The Growth and Morphing of the Cyber Threats

It was July 2008 when presenting at a UK Government Home Office sponsored security event, held at the British Library in London, when, post the cyber-attacks labelled Titan Rain, attacks identified as manifesting from servers located in China, when it would seem, I was the first person to publicly denounce the Chinese Government for being actively involved in sponsoring cyber-terrorism and attacks, or who were complicit in looking the other way whilst their cyber-aggressor units started to hone their green shoots of digital adversity. I do recall, that whilst protests were made to the UK Home Office, one very senior Officer in the, then Metropolitan Police Computer Crime Unit congratulated me on outing a topic which everyone was aware of, but of which no one was willing to speak of in the public domain – reason being, my uncomfortable revelations were far too close to the upcoming Games of the XXIX Olympiad (AKA Beijing 2008 Summer Olympics) running from 8 to 24 August 2008 – see URL below:

https://www.itnews.com.au/news/china-blamed-for-cyberterrorism-118089
Post 2008, within the next decade there was a quantum shift in relation to the cyber dangers posed by the Chinese, as the growth of cyber-attacks started to emerge with higher frequency, and with the onslaught of cyber missions in the guise of identifying, and acquiring trade secrets, and other forms of IP (Intellectual Property) out of active Industrial Espionage missions running out of the region, and also from some University campuses situated in the US, and UK.

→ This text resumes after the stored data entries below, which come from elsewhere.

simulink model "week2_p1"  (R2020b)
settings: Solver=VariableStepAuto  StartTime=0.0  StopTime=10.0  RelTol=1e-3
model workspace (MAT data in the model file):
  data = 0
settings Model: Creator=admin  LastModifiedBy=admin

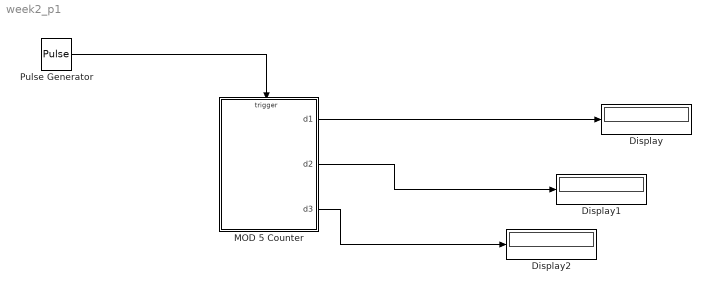
== system week2_p1 ==
  Display : Display
  Display1 : Display
  Display2 : Display
  MOD 5 Counter : Stateflow chart  TreatAsAtomicUnit=on
  Pulse Generator : DiscretePulseGenerator  PulseType=Time based  Period=10  PulseWidth=5
  wires:
  Pulse Generator/1 -> MOD 5 Counter/Trigger
  MOD 5 Counter/1(d1) -> Display/1
  MOD 5 Counter/2(d2) -> Display1/1
  MOD 5 Counter/3(d3) -> Display2/1

== stateflow chart week2_p1/MOD 5 Counter ==
  settings: executeAtInitialization=1
  state state1
    state one
      en:
      d2= 1;
    note: inputc1
    state zero
      en:
      d1 = 0;
    state two
      en:
      d1 =2;
    state four
      en:
      d1= 4;
    state three
      en:
      d1= 3;
    state1.one -> state1.two : inputc1
    state1.zero -> state1.one
    (default) -> state1.zero
    state1.four -> state1.zero : inputc1
    state1.two -> state1.three : inputc1
    state1.three -> state1.four : inputc1
  state state2
    state one
      en:
      d2= 1;
    note: inputc2
    state two
      en:
      d2 =2;
    state zero
      en:
      d2 = 0;
    state three
      en:
      d2 = 3;
    state four
      en:
      d2= 4;
    state2.one -> state2.two : inputc2
    state2.zero -> state2.one
    (default) -> state2.zero
    state2.two -> state2.three : inputc2
    state2.four -> state2.zero : inputc2
    state2.three -> state2.four : inputc2
  state state3
    state one
      en:
      d3 = 1;
    note: inputc3
    state zero
      en:
      d3 = 0;
    state two
      en:
      d3 =2;
    state four
      en:
      d3= 4;
    state three
      en:
      d3 = 3;
    state3.one -> state3.two : inputc3
    state5 -> state3.one
    (default) -> state5
    state3.four -> state5 : inputc3
    state3.two -> state3.three : inputc3
    state3.three -> state3.four : inputc3
  data: d1 output; d2 output; d3 output
  events: inputc2 local FUNCTION_CALL_EVENT; inputc3 local FUNCTION_CALL_EVENT; inputc1 input RISING_EDGE_EVENT
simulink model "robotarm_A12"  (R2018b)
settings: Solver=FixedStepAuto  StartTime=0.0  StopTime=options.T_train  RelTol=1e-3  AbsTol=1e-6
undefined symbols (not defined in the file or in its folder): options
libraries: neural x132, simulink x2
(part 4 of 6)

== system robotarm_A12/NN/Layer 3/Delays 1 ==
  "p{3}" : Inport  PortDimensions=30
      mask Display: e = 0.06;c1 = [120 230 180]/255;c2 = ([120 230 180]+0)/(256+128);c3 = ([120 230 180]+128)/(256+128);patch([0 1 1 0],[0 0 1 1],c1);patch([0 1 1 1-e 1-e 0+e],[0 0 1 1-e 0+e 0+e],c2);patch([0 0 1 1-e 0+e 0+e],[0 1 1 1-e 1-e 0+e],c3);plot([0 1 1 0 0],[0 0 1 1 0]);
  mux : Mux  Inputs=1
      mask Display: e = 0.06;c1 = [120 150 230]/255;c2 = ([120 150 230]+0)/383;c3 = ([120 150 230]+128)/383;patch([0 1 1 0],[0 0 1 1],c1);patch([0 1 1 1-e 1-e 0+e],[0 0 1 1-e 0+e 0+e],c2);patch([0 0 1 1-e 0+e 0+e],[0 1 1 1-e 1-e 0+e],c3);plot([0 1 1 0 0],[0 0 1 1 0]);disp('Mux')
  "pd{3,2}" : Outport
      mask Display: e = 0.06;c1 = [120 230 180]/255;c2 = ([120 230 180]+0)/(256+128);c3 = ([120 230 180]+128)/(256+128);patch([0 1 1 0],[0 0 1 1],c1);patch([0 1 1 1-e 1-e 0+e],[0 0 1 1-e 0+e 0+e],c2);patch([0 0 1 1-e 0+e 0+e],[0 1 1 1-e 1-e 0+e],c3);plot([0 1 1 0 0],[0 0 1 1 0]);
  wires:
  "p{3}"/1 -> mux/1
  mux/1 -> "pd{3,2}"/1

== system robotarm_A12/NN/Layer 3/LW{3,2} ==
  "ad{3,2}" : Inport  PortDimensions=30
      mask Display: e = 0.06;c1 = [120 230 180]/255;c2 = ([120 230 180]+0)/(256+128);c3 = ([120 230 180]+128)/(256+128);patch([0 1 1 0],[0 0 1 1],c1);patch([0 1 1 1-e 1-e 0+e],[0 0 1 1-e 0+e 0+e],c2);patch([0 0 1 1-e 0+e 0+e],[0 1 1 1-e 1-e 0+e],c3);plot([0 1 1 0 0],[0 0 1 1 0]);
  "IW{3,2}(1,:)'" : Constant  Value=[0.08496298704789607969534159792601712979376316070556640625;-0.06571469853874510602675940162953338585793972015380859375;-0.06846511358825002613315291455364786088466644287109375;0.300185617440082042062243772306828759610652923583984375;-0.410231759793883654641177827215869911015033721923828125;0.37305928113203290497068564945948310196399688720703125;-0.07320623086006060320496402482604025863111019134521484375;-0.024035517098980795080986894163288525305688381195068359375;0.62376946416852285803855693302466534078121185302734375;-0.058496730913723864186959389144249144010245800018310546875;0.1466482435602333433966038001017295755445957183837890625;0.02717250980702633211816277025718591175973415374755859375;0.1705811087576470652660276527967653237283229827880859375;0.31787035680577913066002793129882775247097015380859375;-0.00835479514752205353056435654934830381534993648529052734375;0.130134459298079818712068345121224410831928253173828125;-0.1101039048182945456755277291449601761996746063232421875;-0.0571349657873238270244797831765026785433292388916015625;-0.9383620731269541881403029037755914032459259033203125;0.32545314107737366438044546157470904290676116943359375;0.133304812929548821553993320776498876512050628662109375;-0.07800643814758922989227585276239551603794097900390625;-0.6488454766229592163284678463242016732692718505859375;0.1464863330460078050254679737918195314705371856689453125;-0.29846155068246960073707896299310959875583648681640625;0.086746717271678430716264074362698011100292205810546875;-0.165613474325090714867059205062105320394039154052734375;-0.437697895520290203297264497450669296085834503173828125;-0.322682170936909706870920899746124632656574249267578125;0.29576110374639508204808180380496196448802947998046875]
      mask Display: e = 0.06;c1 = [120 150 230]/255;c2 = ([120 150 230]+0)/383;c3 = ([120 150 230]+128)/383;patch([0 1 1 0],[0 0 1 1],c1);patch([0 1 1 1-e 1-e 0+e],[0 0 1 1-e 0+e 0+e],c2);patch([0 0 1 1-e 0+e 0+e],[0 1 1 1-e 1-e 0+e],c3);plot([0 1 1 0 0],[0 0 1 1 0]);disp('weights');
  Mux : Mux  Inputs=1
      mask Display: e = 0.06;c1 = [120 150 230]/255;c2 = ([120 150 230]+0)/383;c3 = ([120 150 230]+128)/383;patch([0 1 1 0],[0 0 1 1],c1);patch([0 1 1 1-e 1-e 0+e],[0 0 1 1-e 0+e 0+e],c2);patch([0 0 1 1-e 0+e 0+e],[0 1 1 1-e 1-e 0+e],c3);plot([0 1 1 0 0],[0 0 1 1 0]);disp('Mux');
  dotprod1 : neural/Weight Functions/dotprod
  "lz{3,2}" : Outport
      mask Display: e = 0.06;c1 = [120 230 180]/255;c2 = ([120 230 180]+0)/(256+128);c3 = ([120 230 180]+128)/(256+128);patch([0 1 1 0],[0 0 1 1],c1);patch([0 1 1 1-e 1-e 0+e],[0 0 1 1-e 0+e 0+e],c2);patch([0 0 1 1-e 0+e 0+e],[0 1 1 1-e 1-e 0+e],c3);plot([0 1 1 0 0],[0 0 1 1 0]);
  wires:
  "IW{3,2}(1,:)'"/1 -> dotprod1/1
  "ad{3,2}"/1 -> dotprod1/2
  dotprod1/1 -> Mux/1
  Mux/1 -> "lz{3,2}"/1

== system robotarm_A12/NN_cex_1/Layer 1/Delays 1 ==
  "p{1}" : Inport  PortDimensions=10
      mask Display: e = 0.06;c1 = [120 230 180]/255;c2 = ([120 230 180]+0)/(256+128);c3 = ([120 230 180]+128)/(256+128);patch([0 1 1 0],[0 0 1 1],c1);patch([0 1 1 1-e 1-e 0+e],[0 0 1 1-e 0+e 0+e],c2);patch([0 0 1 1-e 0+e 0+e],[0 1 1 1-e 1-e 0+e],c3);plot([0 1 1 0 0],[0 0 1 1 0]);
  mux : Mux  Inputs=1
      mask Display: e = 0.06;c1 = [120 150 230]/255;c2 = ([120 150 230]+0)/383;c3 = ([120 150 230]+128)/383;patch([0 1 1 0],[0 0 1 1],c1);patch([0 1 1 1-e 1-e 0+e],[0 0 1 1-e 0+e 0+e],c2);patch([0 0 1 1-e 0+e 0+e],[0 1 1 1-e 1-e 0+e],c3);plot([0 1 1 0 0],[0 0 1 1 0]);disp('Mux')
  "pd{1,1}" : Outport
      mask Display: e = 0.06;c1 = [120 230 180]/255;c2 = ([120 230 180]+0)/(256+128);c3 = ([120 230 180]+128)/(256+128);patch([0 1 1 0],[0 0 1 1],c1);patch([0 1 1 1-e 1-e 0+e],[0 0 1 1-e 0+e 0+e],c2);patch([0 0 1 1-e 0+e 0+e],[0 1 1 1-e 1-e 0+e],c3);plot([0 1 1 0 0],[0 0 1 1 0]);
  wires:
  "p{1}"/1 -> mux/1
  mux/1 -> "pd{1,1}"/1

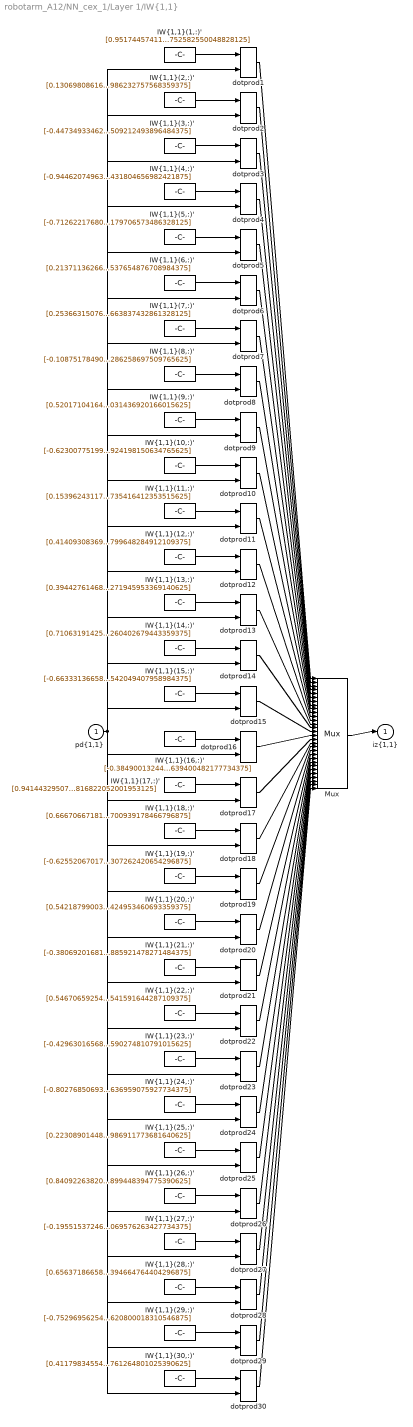
== system robotarm_A12/NN_cex_1/Layer 1/IW{1,1} ==
  "pd{1,1}" : Inport  PortDimensions=10
      mask Display: e = 0.06;c1 = [120 230 180]/255;c2 = ([120 230 180]+0)/(256+128);c3 = ([120 230 180]+128)/(256+128);patch([0 1 1 0],[0 0 1 1],c1);patch([0 1 1 1-e 1-e 0+e],[0 0 1 1-e 0+e 0+e],c2);patch([0 0 1 1-e 0+e 0+e],[0 1 1 1-e 1-e 0+e],c3);plot([0 1 1 0 0],[0 0 1 1 0]);
  "IW{1,1}(1,:)'" : Constant  Value=[0.95174457411673751838776524891727603971958160400390625;-0.1217696827207606080634150202968157827854156494140625;-0.3515402442307336006166451625176705420017242431640625;-0.1259480441304231257415580103042884729802608489990234375;0.80008138770185077692786990155582316219806671142578125;0.74164545184093244589718096904107369482517242431640625;-0.406940495434214455361399132016231305897235870361328125;0.70915830977854599215248754262574948370456695556640625;-0.416282474324658924302866580546833574771881103515625;0.2759902705292305302720023973961360752582550048828125]
      mask Display: e = 0.06;c1 = [120 150 230]/255;c2 = ([120 150 230]+0)/383;c3 = ([120 150 230]+128)/383;patch([0 1 1 0],[0 0 1 1],c1);patch([0 1 1 1-e 1-e 0+e],[0 0 1 1-e 0+e 0+e],c2);patch([0 0 1 1-e 0+e 0+e],[0 1 1 1-e 1-e 0+e],c3);plot([0 1 1 0 0],[0 0 1 1 0]);disp('Weights');
  "IW{1,1}(10,:)'" : Constant  Value=[-0.623007751998844394591969830798916518688201904296875;-0.229780936649281730677074619961786083877086639404296875;0.7291435892727637924082273457315750420093536376953125;-0.35662187514995746795420927810482680797576904296875;0.42812272845337473459181865109712816774845123291015625;-0.11093840865894664948765324652413255535066127777099609375;0.52830304957231655205163178834482096135616302490234375;-0.252988660476427706935709238678100518882274627685546875;-0.6660480731444315960487756456132046878337860107421875;-0.58246326337977072373774944935576058924198150634765625]
      mask Display: e = 0.06;c1 = [120 150 230]/255;c2 = ([120 150 230]+0)/383;c3 = ([120 150 230]+128)/383;patch([0 1 1 0],[0 0 1 1],c1);patch([0 1 1 1-e 1-e 0+e],[0 0 1 1-e 0+e 0+e],c2);patch([0 0 1 1-e 0+e 0+e],[0 1 1 1-e 1-e 0+e],c3);plot([0 1 1 0 0],[0 0 1 1 0]);disp('Weights');
  "IW{1,1}(11,:)'" : Constant  Value=[0.1539624311750474039417468929968890734016895294189453125;0.7416396906165083624529188455198891460895538330078125;-0.60468007765930387176211979749496094882488250732421875;-0.245839274571849342176932395886979065835475921630859375;0.40883791938954894273905438240035437047481536865234375;-0.94945320706745750527488780790008604526519775390625;0.6006005707831933992935091737308539450168609619140625;0.56612393711479425117971686631790362298488616943359375;-0.184880190142234390737741023258422501385211944580078125;-0.57581437728133677556030534105957485735416412353515625]
      mask Display: e = 0.06;c1 = [120 150 230]/255;c2 = ([120 150 230]+0)/383;c3 = ([120 150 230]+128)/383;patch([0 1 1 0],[0 0 1 1],c1);patch([0 1 1 1-e 1-e 0+e],[0 0 1 1-e 0+e 0+e],c2);patch([0 0 1 1-e 0+e 0+e],[0 1 1 1-e 1-e 0+e],c3);plot([0 1 1 0 0],[0 0 1 1 0]);disp('Weights');
  "IW{1,1}(12,:)'" : Constant  Value=[0.41409308369847874775615537146222777664661407470703125;0.1875357709384890825266012370775570161640644073486328125;0.768771241957419082524438636028207838535308837890625;0.0114774948924922792770075830048881471157073974609375;0.6372438759351302106637149336165748536586761474609375;0.411372095929997627639096435814280994236469268798828125;-0.171189467147416729542186430990113876760005950927734375;0.3941923804447144963347682278254069387912750244140625;-0.78954036993725240645147778195678256452083587646484375;0.6864763546809589112029925672686658799648284912109375]
      mask Display: e = 0.06;c1 = [120 150 230]/255;c2 = ([120 150 230]+0)/383;c3 = ([120 150 230]+128)/383;patch([0 1 1 0],[0 0 1 1],c1);patch([0 1 1 1-e 1-e 0+e],[0 0 1 1-e 0+e 0+e],c2);patch([0 0 1 1-e 0+e 0+e],[0 1 1 1-e 1-e 0+e],c3);plot([0 1 1 0 0],[0 0 1 1 0]);disp('Weights');
  "IW{1,1}(13,:)'" : Constant  Value=[0.394427614683170724152461161793326027691364288330078125;0.53940731643208461587590818453463725745677947998046875;-1.2160364242706951376504775907960720360279083251953125;-0.03782517365620241545087765189236961305141448974609375;0.28938754106922548459124300279654562473297119140625;0.41714626880523508756226647165021859109401702880859375;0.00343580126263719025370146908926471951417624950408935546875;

In 2010 the gloves came off, acknowledging the electronic dangers posed by the Chinese Doctrine, which were (are) well documented in the publication Unrestricted Warfare in 1999, authored by two Colonels of the People’s Liberation Army, Qiao Liang and Wang Xiangsui – a publication which made it very clear that, Chinese World Dominance should be achieved though any means, be they fair or foul – see the following URL:

https://www.iwp.edu/books/unrestricted-warfare/)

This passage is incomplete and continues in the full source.